Instead of money being made from money (through interest), non-interest banking makes money work through real assets, shared risk, and ethical partnerships. And the best part? It’s designed to serve everyone, from students saving allowance, to small business owners, to large corporations financing projects.

Let’s break down the 7 core concepts of non-interest banking in simple, relatable terms.

1. Murabaha (Cost-Plus Financing)

Imagine you want to buy a laptop worth ₦500,000. Instead of lending you cash with interest, the bank buys the laptop and sells it to you for ₦550,000, payable in installments. That extra ₦50,000? It’s the bank’s profit, agreed upon upfront.

No hidden charges. No fluctuating interest rates. Just a clear, transparent transaction.

With inflation rising, Nigeria’s inflation stood at 29.9% as of January 2025 (NBS), clarity on payments is a huge relief. You know exactly how much you’ll pay, no surprises down the road.

2. Ijarah (Leasing)

Think of it like renting a car. Instead of taking a loan, the bank buys the car, and you lease it for a set period. You pay rent, and at the end, you might have the option to own it.

No interest. Just straightforward rental terms.

Vehicle ownership in Nigeria is still low, with just 13 cars per 1,000 people compared to South Africa’s 176 per 1,000 (World Bank). Leasing makes access to reliable mobility more affordable without long-term debt stress.

3. Mudarabah (Trust Financing)

This one is like a trust partnership. You bring your idea, and the bank brings the money.

If the business makes a profit, you share. It’s about shared risks and shared profits.

With youth unemployment at 7.2% in Q3 2023 (NBS), many Nigerians are turning to entrepreneurship. But access to fair capital remains a challenge. Mudarabah provides a pathway where young innovators aren’t buried under crushing debt if things don’t go as planned.

4. Musharakah (Joint Partnership)

Here, both you and the bank invest money into a project, like starting a farm, a fashion label, or a rice mill. Profits are shared fairly, and losses are also shared according to contribution.

It’s a true partnership.

Agriculture still employs over 35% of Nigeria’s workforce (World Bank, 2023). Musharakah means farmers or cooperatives can get into bigger projects without shouldering all the risk alone, while banks stay invested in the outcome.

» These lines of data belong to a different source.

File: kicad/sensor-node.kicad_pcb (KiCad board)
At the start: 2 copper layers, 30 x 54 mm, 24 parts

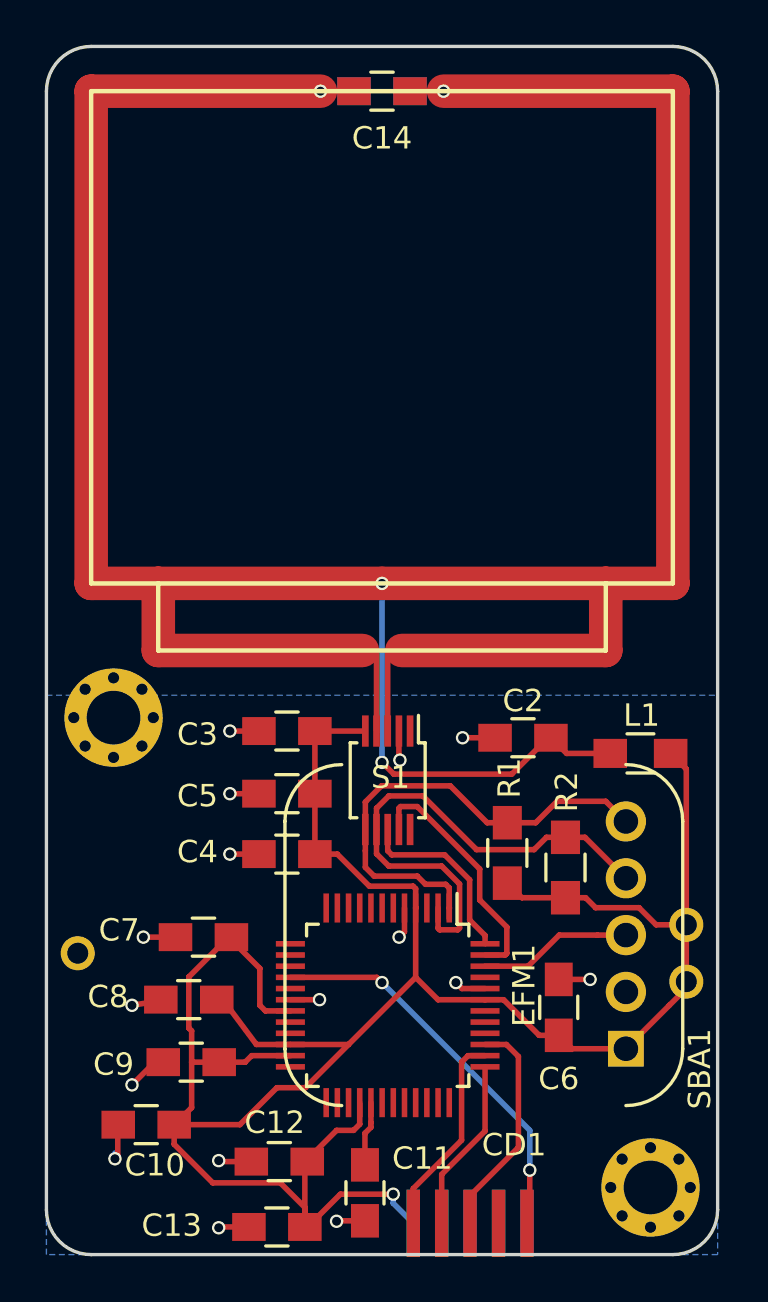
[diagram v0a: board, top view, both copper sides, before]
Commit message: moved cortex debug connector futher to the right
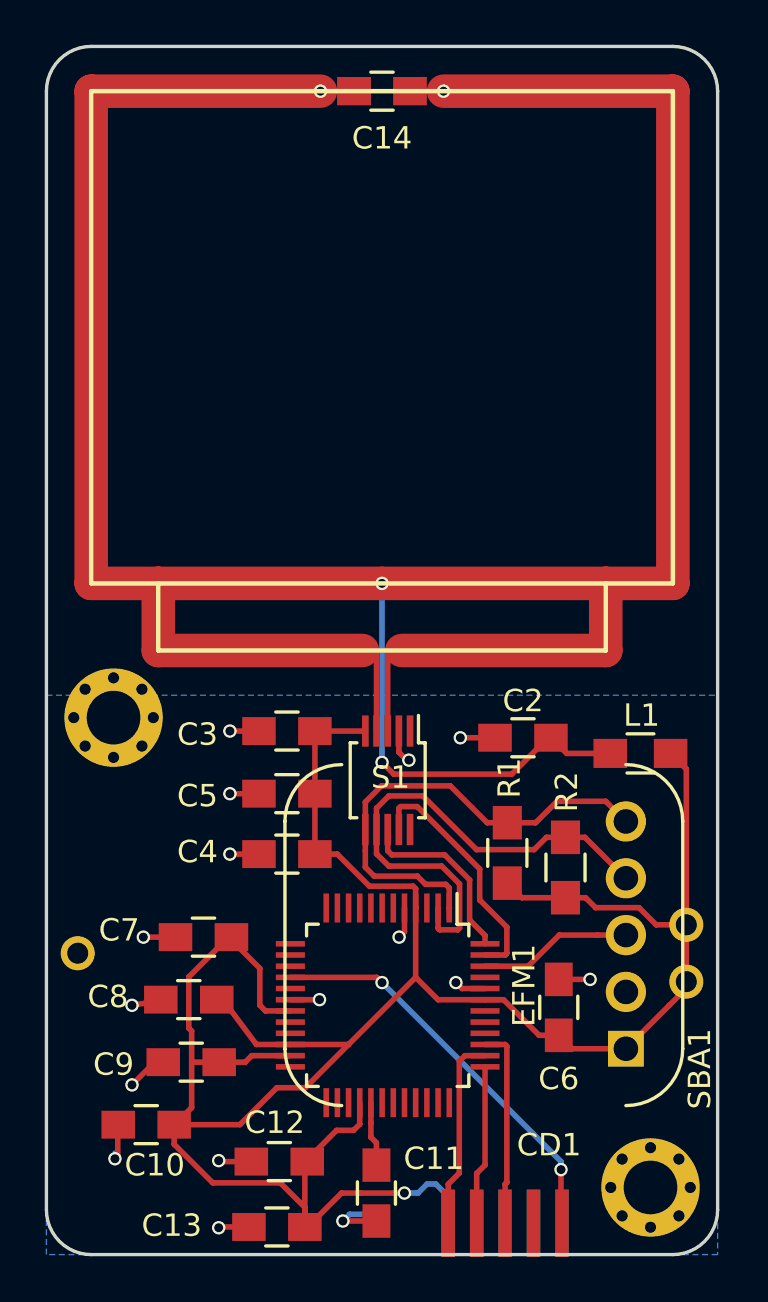
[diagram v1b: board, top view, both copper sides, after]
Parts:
- moved CD1 1.56 mm to (155.1, 110.1)
- moved C11 0.51 mm to (151.9, 108.7)
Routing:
- net +3V3: track 113.5 -> 116.0 mm
- net GND: track 22.9 -> 24.8 mm
- net /SWDIO: track 10.1 -> 8.70 mm
- net /~RESET: track 17.3 -> 18.3 mm
- net /SWO: track 9.85 -> 8.95 mm
- net /SWCLK: track 7.70 -> 7.15 mm

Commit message: moved mounting hole and battery slightliy down
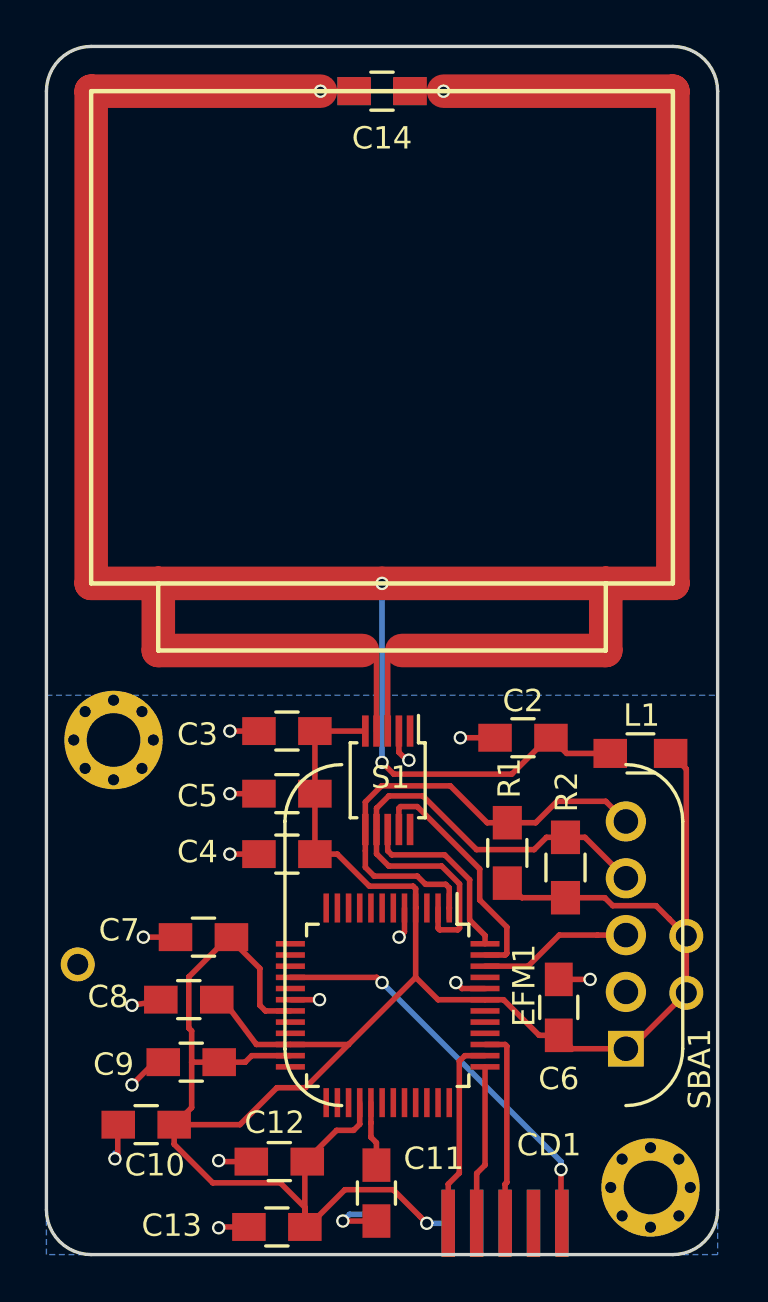
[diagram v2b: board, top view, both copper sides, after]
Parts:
- moved REF** 1.00 mm to (140.1, 88.5)
- moved BT1 0.50 mm to (165.7, 98.5)
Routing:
- net +3V3: track 116.0 -> 115.3 mm
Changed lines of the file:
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@@
     (thickness 1.6)
     (drawings 18)
-    (tracks 242)
+    (tracks 238)
     (zones 0)
     (modules 24)
@@
   )
   (module sensor-node:HU2032-LF (layer B.Cu)
-    (at 165.746 98.001 180)
+    (at 165.746 98.501 180)
     (fp_text reference BT1 (at 13.208 0 180) (layer B.SilkS)
       (effects (font (size 1 1) (thickness 0.15)) (justify mirror))
@@
   )
   (module sensor-node:mounting (layer F.Cu)
-    (at 140.146 87.471)
+    (at 140.146 88.471)
     (fp_text reference REF** (at 0 0.5) (layer F.SilkS) hide
       (effects (font (size 1 1) (thickness 0.15)))
@@
   (gr_line (start 137.146 109.471) (end 137.146 59.471) (layer Edge.Cuts) (width 0.15))
   (gr_line (start 167.146 59.471) (end 167.146 109.471) (layer Edge.Cuts) (width 0.15))
-  (segment (start 153.146 108.721) (end 153.756 108.721) (width 0.25) (layer B.Cu) (net 1))
-  (segment (start 153.756 108.721) (end 154.156 108.321) (width 0.25) (layer B.Cu) (net 1))
-  (segment (start 154.556 108.321) (end 155.106 108.871) (width 0.25) (layer B.Cu) (net 1))
-  (segment (start 154.156 108.321) (end 154.556 108.321) (width 0.25) (layer B.Cu) (net 1))
-  (segment (start 155.106 108.871) (end 155.106 110.071) (width 0.25) (layer B.Cu) (net 1))
-  (segment (start 153.146 108.721) (end 153.216 108.721) (width 0.25) (layer B.Cu) (net 1))
-  (segment (start 148.822 110.236) (end 150.337 108.721) (width 0.25) (layer F.Cu) (net 1))
-  (segment (start 150.337 108.721) (end 151.185998 108.721) (width 0.25) (layer F.Cu) (net 1))
-  (segment (start 151.185998 108.721) (end 153.146 108.721) (width 0.25) (layer F.Cu) (net 1))
-  (via (at 153.146 108.721) (size 0.6) (drill 0.4) (layers F.Cu B.Cu) (net 1))
+  (segment (start 165.746 99.771) (end 165.746 98.69337) (width 0.25) (layer F.Cu) (net 1))
+  (segment (start 165.746 98.69337) (end 165.746 97.231) (width 0.25) (layer F.Cu) (net 1))
+  (segment (start 165.746 99.771) (end 163.246 102.271) (width 0.25) (layer F.Cu) (net 1))
+  (segment (start 163.246 102.271) (end 163.046 102.271) (width 0.25) (layer F.Cu) (net 1))
+  (segment (start 165.746 97.231) (end 165.746 89.771) (width 0.25) (layer F.Cu) (net 1))
+  (segment (start 165.746 89.771) (end 165.046 89.071) (width 0.25) (layer F.Cu) (net 1))
+  (segment (start 160.346 95.521) (end 162.102998 95.521) (width 0.25) (layer F.Cu) (net 1))
+  (segment (start 162.102998 95.521) (end 162.457999 95.876001) (width 0.25) (layer F.Cu) (net 1))
+  (segment (start 162.457999 95.876001) (end 164.391001 95.876001) (width 0.25) (layer F.Cu) (net 1))
+  (segment (start 164.391001 95.876001) (end 164.984001 96.469001) (width 0.25) (layer F.Cu) (net 1))
+  (segment (start 164.984001 96.469001) (end 165.746 97.231) (width 0.25) (layer F.Cu) (net 1))
+  (segment (start 154.146006 110.071) (end 155.106 110.071) (width 0.25) (layer B.Cu) (net 1))
+  (segment (start 153.846007 109.771001) (end 154.146006 110.071) (width 0.25) (layer F.Cu) (net 1))
+  (segment (start 152.645991 108.570985) (end 153.846007 109.771001) (width 0.25) (layer F.Cu) (net 1))
+  (segment (start 150.487015 108.570985) (end 152.645991 108.570985) (width 0.25) (layer F.Cu) (net 1))
+  (segment (start 148.822 110.236) (end 150.487015 108.570985) (width 0.25) (layer F.Cu) (net 1))
+  (segment (start 148.697 110.236) (end 148.822 110.236) (width 0.25) (layer F.Cu) (net 1))
+  (via (at 154.146006 110.071) (size 0.6) (drill 0.4) (layers F.Cu B.Cu) (net 1))
   (segment (start 160.346 95.521) (end 158.398 95.521) (width 0.25) (layer F.Cu) (net 1))
   (segment (start 158.398 95.521) (end 157.746 94.869) (width 0.25) (layer F.Cu) (net 1))
-  (segment (start 165.746 96.731) (end 164.399002 96.731) (width 0.25) (layer F.Cu) (net 1))
-  (segment (start 164.399002 96.731) (end 163.634001 95.965999) (width 0.25) (layer F.Cu) (net 1))
-  (segment (start 163.634001 95.965999) (end 161.690999 95.965999) (width 0.25) (layer F.Cu) (net 1))
-  (segment (start 161.690999 95.965999) (end 161.246 95.521) (width 0.25) (layer F.Cu) (net 1))
-  (segment (start 161.246 95.521) (end 160.346 95.521) (width 0.25) (layer F.Cu) (net 1))
   (segment (start 150.146 93.571) (end 149.146 93.571) (width 0.25) (layer F.Cu) (net 1))
   (segment (start 153.535001 95.004999) (end 151.579999 95.004999) (width 0.25) (layer F.Cu) (net 1))
@@
   (segment (start 153.65 95.98) (end 153.65 95.119998) (width 0.25) (layer F.Cu) (net 1))
   (segment (start 153.65 95.119998) (end 153.535001 95.004999) (width 0.25) (layer F.Cu) (net 1))
-  (segment (start 148.697 110.236) (end 148.822 110.236) (width 0.25) (layer F.Cu) (net 1))
   (segment (start 160.793 95.504) (end 159.893 95.504) (width 0.25) (layer F.Cu) (net 1))
   (segment (start 148.697 110.236) (end 148.697 109.361) (width 0.25) (layer F.Cu) (net 1))
@@
   (segment (start 149.146 90.871) (end 149.146 88.071) (width 0.25) (layer F.Cu) (net 1))
   (segment (start 149.146 93.571) (end 149.146 90.871) (width 0.25) (layer F.Cu) (net 1))
-  (segment (start 165.746 97.031) (end 165.746 89.771) (width 0.25) (layer F.Cu) (net 1))
-  (segment (start 165.746 89.771) (end 165.046 89.071) (width 0.25) (layer F.Cu) (net 1))
-  (segment (start 165.746 99.571) (end 165.746 98.49337) (width 0.25) (layer F.Cu) (net 1))
-  (segment (start 165.746 98.49337) (end 165.746 97.031) (width 0.25) (layer F.Cu) (net 1))
   (segment (start 160.046 101.671) (end 159.171 101.671) (width 0.25) (layer F.Cu) (net 1))
   (segment (start 159.171 101.671) (end 157.58 100.08) (width 0.25) (layer F.Cu) (net 1))
@@
   (segment (start 163.046 102.271) (end 160.646 102.271) (width 0.25) (layer F.Cu) (net 1))
   (segment (start 160.646 102.271) (end 160.046 101.671) (width 0.25) (layer F.Cu) (net 1))
-  (segment (start 165.746 99.571) (end 164.984001 100.332999) (width 0.25) (layer F.Cu) (net 1))
-  (segment (start 164.984001 100.332999) (end 163.046 102.271) (width 0.25) (layer F.Cu) (net 1))
   (segment (start 144.867 102.87) (end 143.637 102.87) (width 0.25) (layer F.Cu) (net 1))
   (segment (start 146.03 102.87) (end 144.867 102.87) (width 0.25) (layer F.Cu) (net 1))

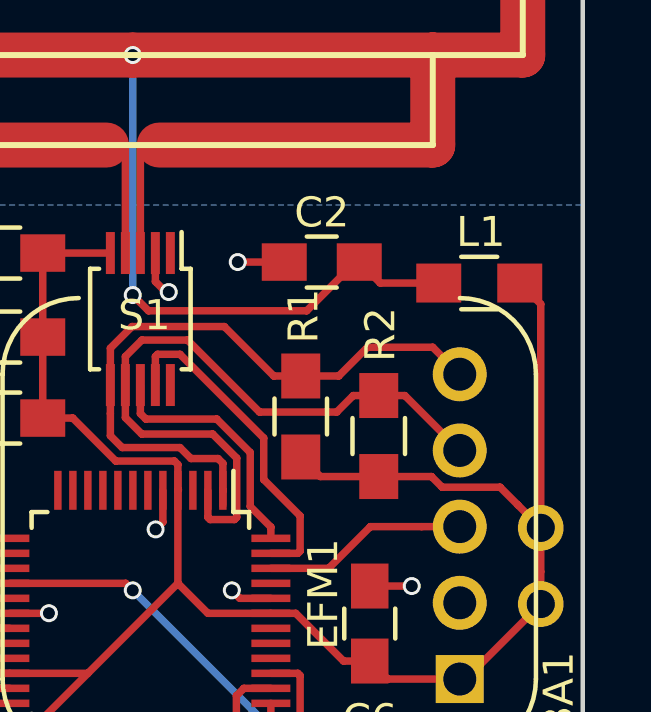
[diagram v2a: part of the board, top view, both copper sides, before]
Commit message: moved inductivity up
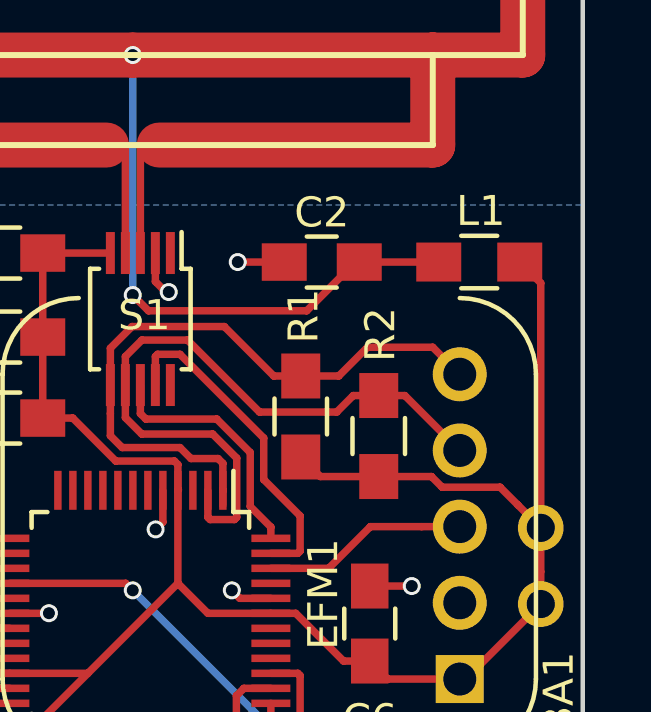
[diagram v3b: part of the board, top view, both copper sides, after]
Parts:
- moved L1 0.70 mm to (163.7, 88.4)
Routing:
- net +3V3: track 115.3 -> 116.0 mm
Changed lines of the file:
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@@
     (links 81)
     (no_connects 0)
-    (area 124.24918 56.396 179.995999 119.171001)
+    (area 137.070999 57.395999 167.221001 111.546001)
     (thickness 1.6)
     (drawings 18)
-    (tracks 238)
+    (tracks 237)
     (zones 0)
     (modules 24)
@@
   )
   (module Resistors_SMD:R_0805_HandSoldering (layer F.Cu)
-    (at 163.696 89.071 180)
+    (at 163.696 88.371 180)
     (descr "Resistor SMD 0805, hand soldering")
     (tags "resistor 0805")
@@
   (gr_line (start 137.146 109.471) (end 137.146 59.471) (layer Edge.Cuts) (width 0.15))
   (gr_line (start 167.146 59.471) (end 167.146 109.471) (layer Edge.Cuts) (width 0.15))
+  (segment (start 165.746 97.231) (end 165.746 89.071) (width 0.25) (layer F.Cu) (net 1))
+  (segment (start 165.746 89.071) (end 165.046 88.371) (width 0.25) (layer F.Cu) (net 1))
   (segment (start 165.746 99.771) (end 165.746 98.69337) (width 0.25) (layer F.Cu) (net 1))
   (segment (start 165.746 98.69337) (end 165.746 97.231) (width 0.25) (layer F.Cu) (net 1))
   (segment (start 165.746 99.771) (end 163.246 102.271) (width 0.25) (layer F.Cu) (net 1))
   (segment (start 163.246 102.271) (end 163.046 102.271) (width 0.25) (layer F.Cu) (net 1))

5. Istisna (Construction & Manufacturing Financing)

This one is perfect for big projects like building a house, a school, or manufacturing goods. The bank funds the project, and you pay back gradually as the work progresses or after completion.

Think of it as financing that grows with the project itself, not pressure before results come in.

As of 2023, housing deficit in Nigeria was about 28 million units (NBS/BusinessDay). Istisna offers a way for families and developers to bridge this gap through ethical, transparent financing.

6. Sukuk (Ethical Bonds)

Sukuk are like the ethical cousins of bonds. Instead of earning interest, investors get returns from real assets or projects. For example, a Sukuk might finance a toll road, hospital, or power plant, and investors receive returns from that project’s revenue.

Nigeria has successfully issued multiple Sukuk bonds since 2017, raising over ₦742 billion for infrastructure (Debt Management Office). That money has gone into building roads and schools across the country. It shows how ethical finance can literally build the nation.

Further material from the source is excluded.